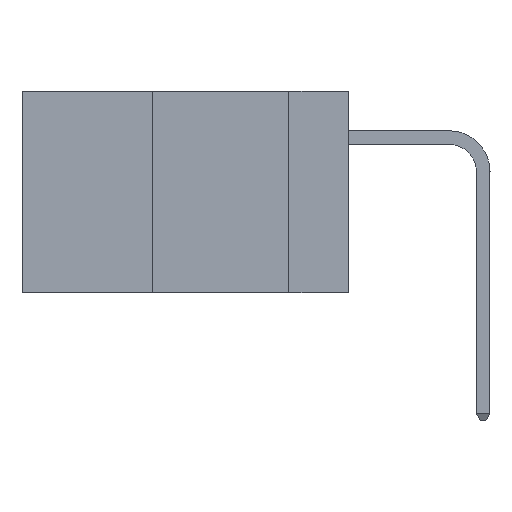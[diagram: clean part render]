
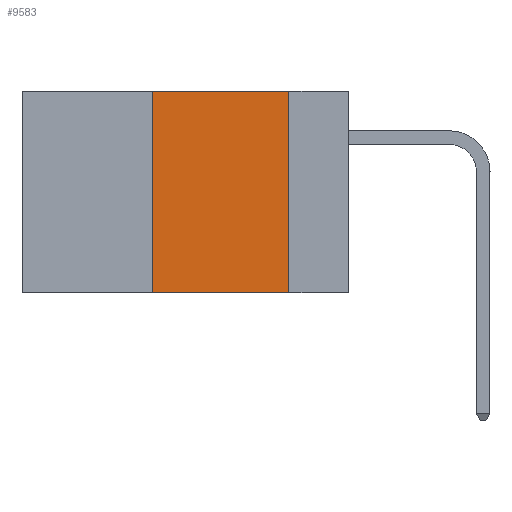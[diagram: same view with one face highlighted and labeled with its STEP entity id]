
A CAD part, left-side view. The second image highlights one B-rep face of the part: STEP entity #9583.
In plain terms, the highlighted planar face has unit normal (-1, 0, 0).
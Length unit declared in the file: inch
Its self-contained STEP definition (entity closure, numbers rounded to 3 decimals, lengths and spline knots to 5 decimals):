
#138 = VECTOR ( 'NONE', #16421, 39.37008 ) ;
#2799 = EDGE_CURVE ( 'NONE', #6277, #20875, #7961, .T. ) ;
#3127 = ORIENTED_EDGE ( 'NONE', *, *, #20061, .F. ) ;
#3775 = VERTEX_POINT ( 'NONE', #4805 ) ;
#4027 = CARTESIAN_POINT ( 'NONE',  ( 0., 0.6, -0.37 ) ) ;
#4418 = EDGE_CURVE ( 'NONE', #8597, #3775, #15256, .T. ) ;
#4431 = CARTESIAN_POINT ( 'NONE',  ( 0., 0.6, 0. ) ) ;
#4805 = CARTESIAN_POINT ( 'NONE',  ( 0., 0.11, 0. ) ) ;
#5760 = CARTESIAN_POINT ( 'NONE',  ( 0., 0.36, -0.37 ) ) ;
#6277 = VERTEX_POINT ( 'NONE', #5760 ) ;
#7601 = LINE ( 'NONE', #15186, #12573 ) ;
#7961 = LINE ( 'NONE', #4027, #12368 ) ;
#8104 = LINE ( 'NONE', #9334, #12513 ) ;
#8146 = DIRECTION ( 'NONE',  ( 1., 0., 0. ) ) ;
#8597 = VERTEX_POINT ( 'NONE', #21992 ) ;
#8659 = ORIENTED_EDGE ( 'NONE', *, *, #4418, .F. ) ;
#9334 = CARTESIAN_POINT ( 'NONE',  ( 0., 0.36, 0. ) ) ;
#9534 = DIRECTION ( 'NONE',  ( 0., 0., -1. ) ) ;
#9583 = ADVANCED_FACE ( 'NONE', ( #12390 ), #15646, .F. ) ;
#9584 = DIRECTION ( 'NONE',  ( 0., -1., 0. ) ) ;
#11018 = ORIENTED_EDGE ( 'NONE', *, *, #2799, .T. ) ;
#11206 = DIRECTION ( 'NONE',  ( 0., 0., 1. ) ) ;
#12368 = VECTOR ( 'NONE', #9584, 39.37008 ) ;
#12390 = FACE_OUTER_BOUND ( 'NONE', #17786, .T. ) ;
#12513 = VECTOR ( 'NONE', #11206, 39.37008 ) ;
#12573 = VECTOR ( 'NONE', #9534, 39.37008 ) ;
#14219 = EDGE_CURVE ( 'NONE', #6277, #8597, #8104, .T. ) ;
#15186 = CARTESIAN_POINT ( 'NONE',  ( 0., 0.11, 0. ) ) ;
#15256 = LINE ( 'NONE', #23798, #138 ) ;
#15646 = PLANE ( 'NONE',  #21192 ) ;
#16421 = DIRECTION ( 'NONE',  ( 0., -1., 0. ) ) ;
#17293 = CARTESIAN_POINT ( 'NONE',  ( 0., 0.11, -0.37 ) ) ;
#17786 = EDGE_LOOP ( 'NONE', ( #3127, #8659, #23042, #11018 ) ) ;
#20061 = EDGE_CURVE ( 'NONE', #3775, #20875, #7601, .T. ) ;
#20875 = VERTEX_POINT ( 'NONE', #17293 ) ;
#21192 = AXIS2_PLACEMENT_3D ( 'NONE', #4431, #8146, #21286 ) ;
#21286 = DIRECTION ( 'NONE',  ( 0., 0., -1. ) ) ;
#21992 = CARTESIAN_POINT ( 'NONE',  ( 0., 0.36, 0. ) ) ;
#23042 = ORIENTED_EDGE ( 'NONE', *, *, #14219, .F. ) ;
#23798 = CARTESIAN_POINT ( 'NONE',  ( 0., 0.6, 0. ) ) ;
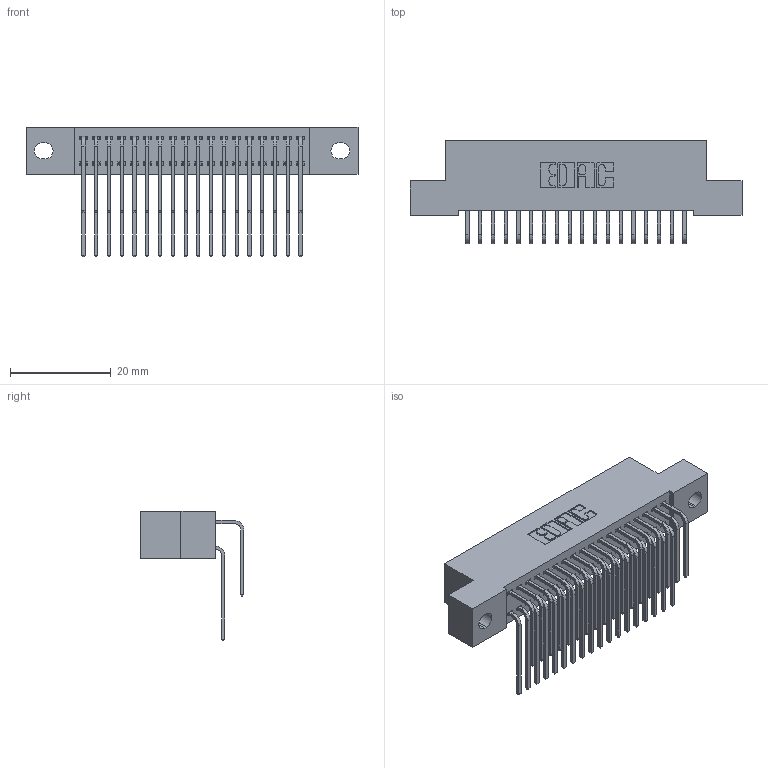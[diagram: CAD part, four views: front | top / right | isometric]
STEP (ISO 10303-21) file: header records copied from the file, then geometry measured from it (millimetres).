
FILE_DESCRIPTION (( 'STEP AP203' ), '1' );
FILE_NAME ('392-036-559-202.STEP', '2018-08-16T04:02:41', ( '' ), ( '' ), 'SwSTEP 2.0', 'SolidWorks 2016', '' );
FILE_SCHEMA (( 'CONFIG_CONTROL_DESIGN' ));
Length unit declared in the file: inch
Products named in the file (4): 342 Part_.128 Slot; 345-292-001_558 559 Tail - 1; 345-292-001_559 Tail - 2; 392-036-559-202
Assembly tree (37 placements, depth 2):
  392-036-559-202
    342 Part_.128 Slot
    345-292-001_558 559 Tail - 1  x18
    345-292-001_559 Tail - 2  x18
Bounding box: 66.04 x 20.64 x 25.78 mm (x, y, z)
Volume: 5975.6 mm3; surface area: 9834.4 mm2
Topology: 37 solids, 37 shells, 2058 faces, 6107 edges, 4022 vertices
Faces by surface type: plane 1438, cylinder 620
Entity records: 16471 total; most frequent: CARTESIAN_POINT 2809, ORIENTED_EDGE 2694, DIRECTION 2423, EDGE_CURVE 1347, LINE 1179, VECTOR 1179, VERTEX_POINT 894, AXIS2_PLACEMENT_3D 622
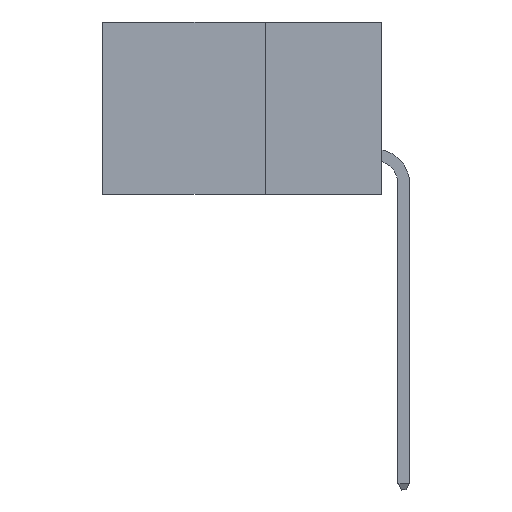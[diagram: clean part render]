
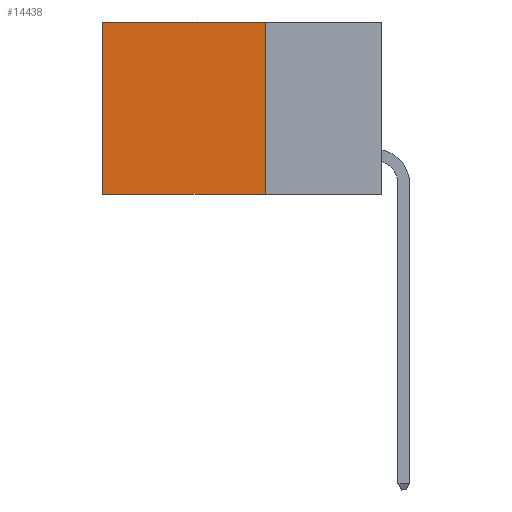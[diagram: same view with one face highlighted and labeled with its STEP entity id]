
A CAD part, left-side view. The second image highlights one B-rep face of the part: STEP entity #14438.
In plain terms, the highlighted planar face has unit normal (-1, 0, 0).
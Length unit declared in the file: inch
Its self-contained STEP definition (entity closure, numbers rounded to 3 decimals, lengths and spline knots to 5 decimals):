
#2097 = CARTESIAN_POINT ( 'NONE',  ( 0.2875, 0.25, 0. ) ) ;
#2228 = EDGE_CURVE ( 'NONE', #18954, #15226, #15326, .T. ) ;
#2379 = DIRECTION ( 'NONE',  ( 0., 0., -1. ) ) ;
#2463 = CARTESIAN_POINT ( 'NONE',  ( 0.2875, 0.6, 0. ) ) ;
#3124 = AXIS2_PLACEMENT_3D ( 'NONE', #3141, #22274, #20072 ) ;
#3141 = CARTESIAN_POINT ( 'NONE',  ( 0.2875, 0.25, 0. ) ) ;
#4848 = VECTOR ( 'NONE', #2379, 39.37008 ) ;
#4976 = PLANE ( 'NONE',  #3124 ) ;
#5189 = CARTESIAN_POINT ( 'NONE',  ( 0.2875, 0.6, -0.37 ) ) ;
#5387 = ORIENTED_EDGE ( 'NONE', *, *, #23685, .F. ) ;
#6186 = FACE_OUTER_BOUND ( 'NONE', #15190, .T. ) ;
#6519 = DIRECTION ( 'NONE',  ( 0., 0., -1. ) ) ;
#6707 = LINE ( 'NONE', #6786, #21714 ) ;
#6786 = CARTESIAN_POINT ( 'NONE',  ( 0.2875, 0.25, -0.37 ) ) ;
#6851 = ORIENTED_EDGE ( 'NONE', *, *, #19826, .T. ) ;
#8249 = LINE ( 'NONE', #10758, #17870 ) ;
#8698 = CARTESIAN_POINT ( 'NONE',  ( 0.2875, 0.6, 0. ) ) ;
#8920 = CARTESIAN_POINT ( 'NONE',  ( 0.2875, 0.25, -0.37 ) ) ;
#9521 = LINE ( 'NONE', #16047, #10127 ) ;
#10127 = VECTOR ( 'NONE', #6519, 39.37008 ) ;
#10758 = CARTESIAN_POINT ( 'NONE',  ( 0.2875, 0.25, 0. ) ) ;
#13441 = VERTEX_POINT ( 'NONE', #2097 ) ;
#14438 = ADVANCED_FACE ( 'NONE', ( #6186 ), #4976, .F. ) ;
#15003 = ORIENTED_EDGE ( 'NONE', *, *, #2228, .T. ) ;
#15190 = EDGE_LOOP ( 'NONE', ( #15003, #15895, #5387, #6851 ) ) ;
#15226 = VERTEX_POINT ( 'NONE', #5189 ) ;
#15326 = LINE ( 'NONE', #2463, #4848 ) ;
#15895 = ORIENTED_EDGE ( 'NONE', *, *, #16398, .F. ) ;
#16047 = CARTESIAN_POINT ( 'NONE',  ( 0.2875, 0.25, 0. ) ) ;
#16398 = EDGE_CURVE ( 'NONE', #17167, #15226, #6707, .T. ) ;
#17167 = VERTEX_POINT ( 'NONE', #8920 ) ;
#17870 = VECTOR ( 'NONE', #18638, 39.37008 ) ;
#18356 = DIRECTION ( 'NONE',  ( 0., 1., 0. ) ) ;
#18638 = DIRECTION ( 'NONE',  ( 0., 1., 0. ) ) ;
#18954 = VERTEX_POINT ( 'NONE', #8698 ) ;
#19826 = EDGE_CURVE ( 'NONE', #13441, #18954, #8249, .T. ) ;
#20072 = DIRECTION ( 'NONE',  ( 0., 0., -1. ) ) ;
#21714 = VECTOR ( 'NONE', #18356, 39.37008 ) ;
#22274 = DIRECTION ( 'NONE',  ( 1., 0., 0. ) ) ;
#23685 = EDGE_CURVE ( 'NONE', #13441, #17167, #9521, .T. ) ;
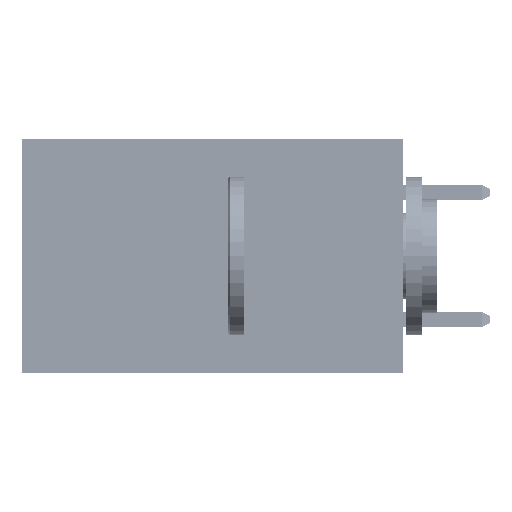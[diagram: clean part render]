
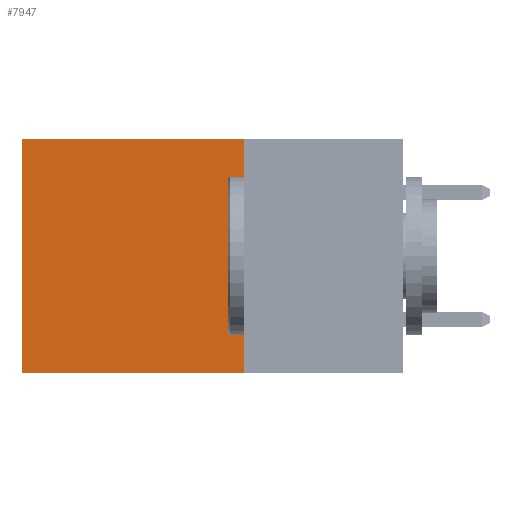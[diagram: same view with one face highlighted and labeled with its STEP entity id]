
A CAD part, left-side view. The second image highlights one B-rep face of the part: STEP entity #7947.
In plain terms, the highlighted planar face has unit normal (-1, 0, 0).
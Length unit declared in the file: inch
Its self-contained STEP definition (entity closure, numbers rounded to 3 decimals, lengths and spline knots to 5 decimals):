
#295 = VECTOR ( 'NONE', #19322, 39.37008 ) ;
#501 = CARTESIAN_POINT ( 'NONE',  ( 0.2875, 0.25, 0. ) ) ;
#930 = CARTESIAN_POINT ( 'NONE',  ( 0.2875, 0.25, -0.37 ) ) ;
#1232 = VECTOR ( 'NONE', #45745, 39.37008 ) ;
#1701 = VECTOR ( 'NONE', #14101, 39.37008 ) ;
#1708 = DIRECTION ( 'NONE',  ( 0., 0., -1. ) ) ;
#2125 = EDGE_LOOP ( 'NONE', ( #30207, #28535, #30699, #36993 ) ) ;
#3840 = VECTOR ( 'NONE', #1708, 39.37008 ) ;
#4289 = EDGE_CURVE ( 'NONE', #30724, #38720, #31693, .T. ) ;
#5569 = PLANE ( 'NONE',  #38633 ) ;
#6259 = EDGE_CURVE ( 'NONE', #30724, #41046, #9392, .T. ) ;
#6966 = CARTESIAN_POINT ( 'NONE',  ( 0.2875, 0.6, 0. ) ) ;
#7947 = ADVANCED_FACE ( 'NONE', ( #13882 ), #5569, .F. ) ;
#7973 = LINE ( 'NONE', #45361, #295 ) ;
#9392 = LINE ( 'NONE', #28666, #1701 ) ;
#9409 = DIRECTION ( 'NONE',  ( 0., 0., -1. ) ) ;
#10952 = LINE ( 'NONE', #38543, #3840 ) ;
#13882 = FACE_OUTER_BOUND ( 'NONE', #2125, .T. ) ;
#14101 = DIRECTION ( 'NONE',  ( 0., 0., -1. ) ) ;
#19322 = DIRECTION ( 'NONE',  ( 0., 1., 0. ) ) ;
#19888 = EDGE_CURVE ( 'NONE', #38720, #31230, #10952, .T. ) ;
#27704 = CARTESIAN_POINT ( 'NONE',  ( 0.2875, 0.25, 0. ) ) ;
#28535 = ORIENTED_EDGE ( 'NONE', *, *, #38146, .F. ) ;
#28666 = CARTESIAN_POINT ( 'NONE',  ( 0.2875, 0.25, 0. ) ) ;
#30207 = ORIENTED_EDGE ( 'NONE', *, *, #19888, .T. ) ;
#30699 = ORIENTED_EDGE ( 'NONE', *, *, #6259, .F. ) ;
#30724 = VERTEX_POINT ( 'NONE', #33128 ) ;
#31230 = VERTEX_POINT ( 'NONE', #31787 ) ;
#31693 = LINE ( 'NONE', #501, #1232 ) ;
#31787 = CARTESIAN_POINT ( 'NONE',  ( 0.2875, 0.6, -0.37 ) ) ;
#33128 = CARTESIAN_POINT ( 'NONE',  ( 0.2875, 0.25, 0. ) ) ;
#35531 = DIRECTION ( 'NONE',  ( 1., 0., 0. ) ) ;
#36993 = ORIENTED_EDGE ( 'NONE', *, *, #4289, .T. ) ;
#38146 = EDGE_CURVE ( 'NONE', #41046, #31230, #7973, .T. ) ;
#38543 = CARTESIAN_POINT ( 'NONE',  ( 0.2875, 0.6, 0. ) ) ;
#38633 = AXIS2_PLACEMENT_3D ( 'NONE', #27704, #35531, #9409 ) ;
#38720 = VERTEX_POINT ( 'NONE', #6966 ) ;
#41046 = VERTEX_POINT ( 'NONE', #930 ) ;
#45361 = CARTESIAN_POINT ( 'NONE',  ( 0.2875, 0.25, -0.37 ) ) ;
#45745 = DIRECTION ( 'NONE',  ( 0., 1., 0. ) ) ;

### Task requirements:
Check the entries above for the word "left" and copy every line where it turns up.

### Task answer:
A CAD part, left-side view. The second image highlights one B-rep face of the part: STEP entity #9583.
A CAD part, left-side view. The second image highlights one B-rep face of the part: STEP entity #14438.
A CAD part, left-side view. The second image highlights one B-rep face of the part: STEP entity #7947.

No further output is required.